- YOUR INSTRUCTIONS
Please write out, exactly as they appear, the line containing "CHANFRO9_SIZE2, e.wrapped, chanfro9_side_2[0].wrapped)" and every line after it to the end of the records, and nothing more.
RECORDS PROVIDED Block Start
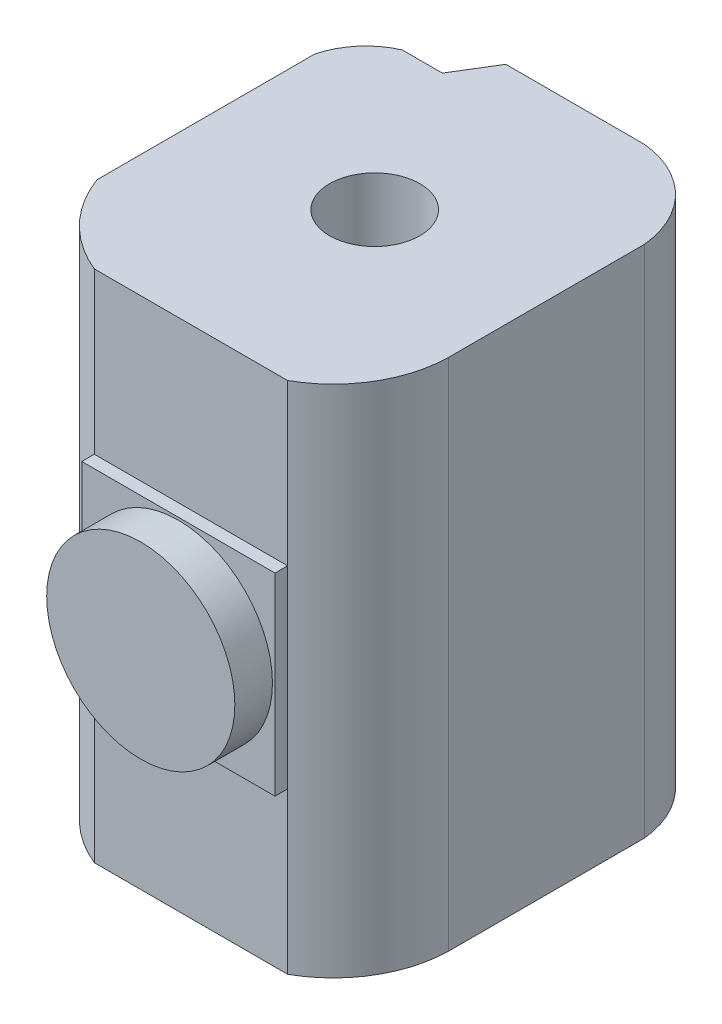
from build123d import *

# Parameters (mm, degrees)
SKETCH3_W               = 262.8
SKETCH3_H               = 305.28
BOSS_EXTRUDE3_DEPTH     = 410
CUT_EXTRUDE1_DEPTH      = 457.798565672
CUT_EXTRUDE1_DEPTH_BACK = 457.798565672
CUT_EXTRUDE2_DEPTH      = 457.798565672
CUT_EXTRUDE2_DEPTH_BACK = 457.798565672
SKETCH5_R               = 36
SKETCH6_W               = 154.08
SKETCH6_H               = 154.08
BOSS_EXTRUDE4_DEPTH     = 10
SKETCH7_R               = 75
BOSS_EXTRUDE5_DEPTH     = 30


with BuildPart() as part:
    # Sketch3 → Boss-Extrude3 (new body)
    with BuildSketch(Plane(origin=(0, 0, 0), x_dir=(1, 0, 0), z_dir=(0, 1, 0))):
        Rectangle(SKETCH3_W, SKETCH3_H)
    extrude(amount=BOSS_EXTRUDE3_DEPTH)

    # Sketch4 → Cut-Extrude1 (cut, two sides: drawn at the far end of the back side and taken through both)
    with BuildSketch(Plane(origin=(0, 410, 0), x_dir=(1, 0, 0), z_dir=(0, 1, 0)).offset(-CUT_EXTRUDE1_DEPTH_BACK)):
        with BuildLine():
            Line((-131.4, -90), (-131.4, -152.64))
            Line((-131.4, -152.64), (-70.92, -152.64))
            ThreePointArc((-70.92, -152.64), (-107.755247271, -127.687824951), (-131.4, -90))
        make_face()
        with BuildLine():
            Line((83.16, -152.64), (131.4, -152.64))
            Line((131.4, -152.64), (131.4, -72.72))
            ThreePointArc((131.4, -72.72), (117.938305095, -119.113391364), (83.16, -152.64))
        make_face()
        with BuildLine():
            Line((-99.372734155, 121.287125755), (-67.345468311, 121.287125755))
            Line((-67.345468311, 121.287125755), (-48.15934209, 152.64))
            Line((-48.15934209, 152.64), (-131.4, 152.64))
            Line((-131.4, 152.64), (-131.4, 83.52))
            ThreePointArc((-131.4, 83.52), (-119.737831056, 106.093689962), (-99.372734155, 121.287125755))
        make_face()
        with BuildLine():
            Line((131.4, 83.52), (131.4, 152.64))
            Line((131.4, 152.64), (62.28, 152.64))
            ThreePointArc((62.28, 152.64), (109.286007047, 130.526007047), (131.4, 83.52))
        make_face()
    extrude(amount=CUT_EXTRUDE1_DEPTH + CUT_EXTRUDE1_DEPTH_BACK, mode=Mode.SUBTRACT)

    # Sketch5 → Cut-Extrude2 (cut, two sides: drawn at the far end of the back side and taken through both)
    with BuildSketch(Plane(origin=(0, 410, 0), x_dir=(1, 0, 0), z_dir=(0, 1, 0)).offset(-CUT_EXTRUDE2_DEPTH_BACK)):
        Circle(SKETCH5_R)
    extrude(amount=CUT_EXTRUDE2_DEPTH + CUT_EXTRUDE2_DEPTH_BACK, mode=Mode.SUBTRACT)

    # Sketch6 → Boss-Extrude4 (add)
    with BuildSketch(Plane.XY.offset(152.64)):
        with Locations((6.12, 205)):
            Rectangle(SKETCH6_W, SKETCH6_H)
    extrude(amount=BOSS_EXTRUDE4_DEPTH)

    # Sketch7 → Boss-Extrude5 (add)
    with BuildSketch(Plane.XY.offset(162.64)):
        with Locations((6.12, 205)):
            Circle(SKETCH7_R)
    extrude(amount=BOSS_EXTRUDE5_DEPTH)


solid = part.part
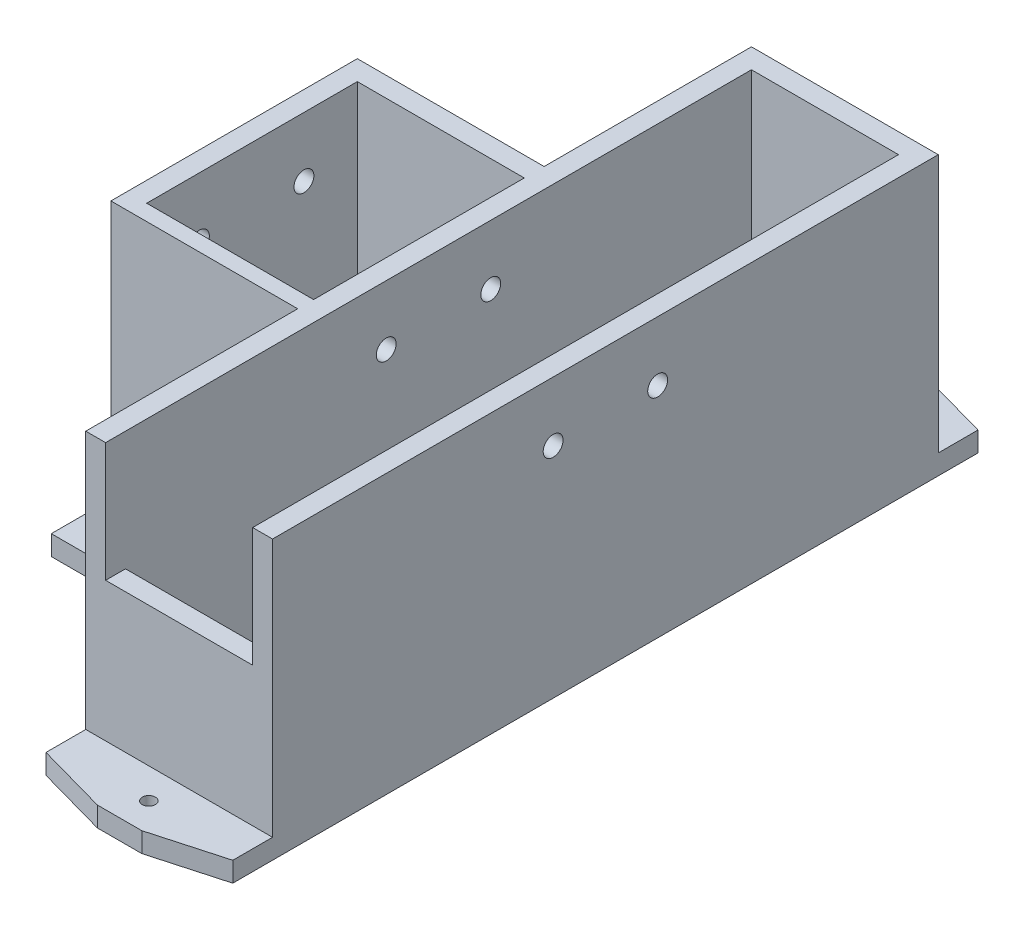
from build123d import *
from OCP.BRepFilletAPI import BRepFilletAPI_MakeChamfer

# Parameters (mm, degrees)
RESSALTO_EXTRUS_O1_DEPTH = 70
ESBO_O3_W                = 37
ESBO_O3_H                = 157.5
CORTE_EXTRUS_O2_DEPTH    = 65
ESBO_O5_W                = 37
ESBO_O5_H                = 31.934482306
CORTE_EXTRUS_O3_DEPTH    = 30
ESBO_O11_W               = 47
ESBO_O11_H               = 15
RESSALTO_EXTRUS_O2_DEPTH = 5
ESBO_O12_R               = 1.65
CORTE_EXTRUS_O6_DEPTH    = 138.647420971
ESBO_O14_R               = 2.5
CORTE_EXTRUS_O8_DEPTH    = 154.256525147
ESBO_O15_W               = 42
ESBO_O15_H               = 53
CORTE_EXTRUS_O10_DEPTH   = 65
CHANFRO9_SIZE            = 5
CHANFRO9_SIZE2           = 17.907987678


with BuildPart() as part:
    # Esboço1 → Ressalto-extrusão1 (new body)
    with BuildSketch(Plane(origin=(0, 0, 0), x_dir=(1, 0, 0), z_dir=(0, 1, 0))):
        Polygon((23.5, 83.75), (-23.5, 83.75), (-23.5, 31.585067636), (-70.5, 31.585067636), (-70.5, -30.414932364), (-23.5, -30.414932364), (-23.5, -83.75), (23.5, -83.75), align=None)
    extrude(amount=RESSALTO_EXTRUS_O1_DEPTH)

    # Esboço3 → Corte-extrusão2 (cut)
    with BuildSketch(Plane(origin=(0, 70, 0), x_dir=(1, 0, 0), z_dir=(0, 1, 0))):
        Rectangle(ESBO_O3_W, ESBO_O3_H)
    extrude(amount=-CORTE_EXTRUS_O2_DEPTH, mode=Mode.SUBTRACT)

    # Esboço5 → Corte-extrusão3 (cut)
    with BuildSketch(Plane(origin=(0, 70, 0), x_dir=(1, 0, 0), z_dir=(0, 1, 0))):
        with Locations((0, -78.75)):
            Rectangle(ESBO_O5_W, ESBO_O5_H)
    extrude(amount=-CORTE_EXTRUS_O3_DEPTH, mode=Mode.SUBTRACT)

    # Esboço11 → Ressalto-extrusão2 (add)
    with BuildSketch(Plane.XZ):
        with Locations((0, -91.25)):
            Rectangle(ESBO_O11_W, ESBO_O11_H)
        with Locations((0, 91.25)):
            Rectangle(ESBO_O11_W, ESBO_O11_H)
        with Locations((-47, -39.085067636)):
            Rectangle(ESBO_O11_W, ESBO_O11_H)
        with Locations((-47, 37.914932364)):
            Rectangle(ESBO_O11_W, ESBO_O11_H)
    extrude(amount=-RESSALTO_EXTRUS_O2_DEPTH)

    # Esboço12 → Corte-extrusão6 (cut, through all)
    with BuildSketch(Plane(origin=(0, 5, 0), x_dir=(1, 0, 0), z_dir=(0, 1, 0))):
        with Locations((-47, -38.049932364)):
            Circle(ESBO_O12_R)
        with Locations((-47, 39.215067636)):
            Circle(ESBO_O12_R)
        with Locations((0, -91.38)):
            Circle(ESBO_O12_R)
        with Locations((0, 91.38)):
            Circle(ESBO_O12_R)
    extrude(amount=-CORTE_EXTRUS_O6_DEPTH, mode=Mode.SUBTRACT)

    # Esboço14 → Corte-extrusão8 (cut, through all)
    with BuildSketch(Plane(origin=(23.5, 0, 0), x_dir=(0, 0, -1), z_dir=(1, 0, 0))):
        with Locations((-13.15, 55)):
            Circle(ESBO_O14_R)
        with Locations((13.15, 55)):
            Circle(ESBO_O14_R)
    extrude(amount=-CORTE_EXTRUS_O8_DEPTH, mode=Mode.SUBTRACT)

    # Esboço15 → Corte-extrusão10 (cut)
    with BuildSketch(Plane(origin=(0, 70, 0), x_dir=(1, 0, 0), z_dir=(0, 1, 0))):
        with Locations((-44.5, 0.085067636)):
            Rectangle(ESBO_O15_W, ESBO_O15_H)
    extrude(amount=-CORTE_EXTRUS_O10_DEPTH, mode=Mode.SUBTRACT)

    # Chanfro9: one chamfer whose edges measure the first distance from different faces: ONE call of the kernel's chamfer builder (chamfer() names one face for all edges)
    chanfro9_edges_1 = [part.edges().sort_by_distance(p)[0] for p in [
        (23.5, 2.5, 98.75),
        (23.5, 2.5, -98.75),
    ]]
    chanfro9_side_1 = [part.faces().sort_by_distance(p)[0] for p in [
        (23.5, 34.521753359, 0),
    ]]
    chanfro9_edges_2 = [part.edges().sort_by_distance(p)[0] for p in [
        (-23.5, 2.5, 98.75),
    ]]
    chanfro9_side_2 = [part.faces().sort_by_distance(p)[0] for p in [
        (-23.5, 35, 58.153894753),
    ]]
    chanfro9_edges_3 = [part.edges().sort_by_distance(p)[0] for p in [
        (-23.5, 2.5, -98.75),
    ]]
    chanfro9_side_3 = [part.faces().sort_by_distance(p)[0] for p in [
        (-23.5, 35, -58.73896239),
    ]]
    chanfro9 = BRepFilletAPI_MakeChamfer(part.part.solid().wrapped)
    for e in chanfro9_edges_1:
        chanfro9.Add(CHANFRO9_SIZE, CHANFRO9_SIZE2, e.wrapped, chanfro9_side_1[0].wrapped)  # the first distance lies on this face
    for e in chanfro9_edges_2:
        chanfro9.Add(CHANFRO9_SIZE, CHANFRO9_SIZE2, e.wrapped, chanfro9_side_2[0].wrapped)  # the first distance lies on this face
    for e in chanfro9_edges_3:
        chanfro9.Add(CHANFRO9_SIZE, CHANFRO9_SIZE2, e.wrapped, chanfro9_side_3[0].wrapped)  # the first distance lies on this face
    add(Compound.cast(chanfro9.Shape()), mode=Mode.REPLACE)


solid = part.part
RECORDS PROVIDED Block End
- SOLUTION TO THIS PROBLEM
        chanfro9.Add(CHANFRO9_SIZE, CHANFRO9_SIZE2, e.wrapped, chanfro9_side_2[0].wrapped)  # the first distance lies on this face
    for e in chanfro9_edges_3:
        chanfro9.Add(CHANFRO9_SIZE, CHANFRO9_SIZE2, e.wrapped, chanfro9_side_3[0].wrapped)  # the first distance lies on this face
    add(Compound.cast(chanfro9.Shape()), mode=Mode.REPLACE)


solid = part.part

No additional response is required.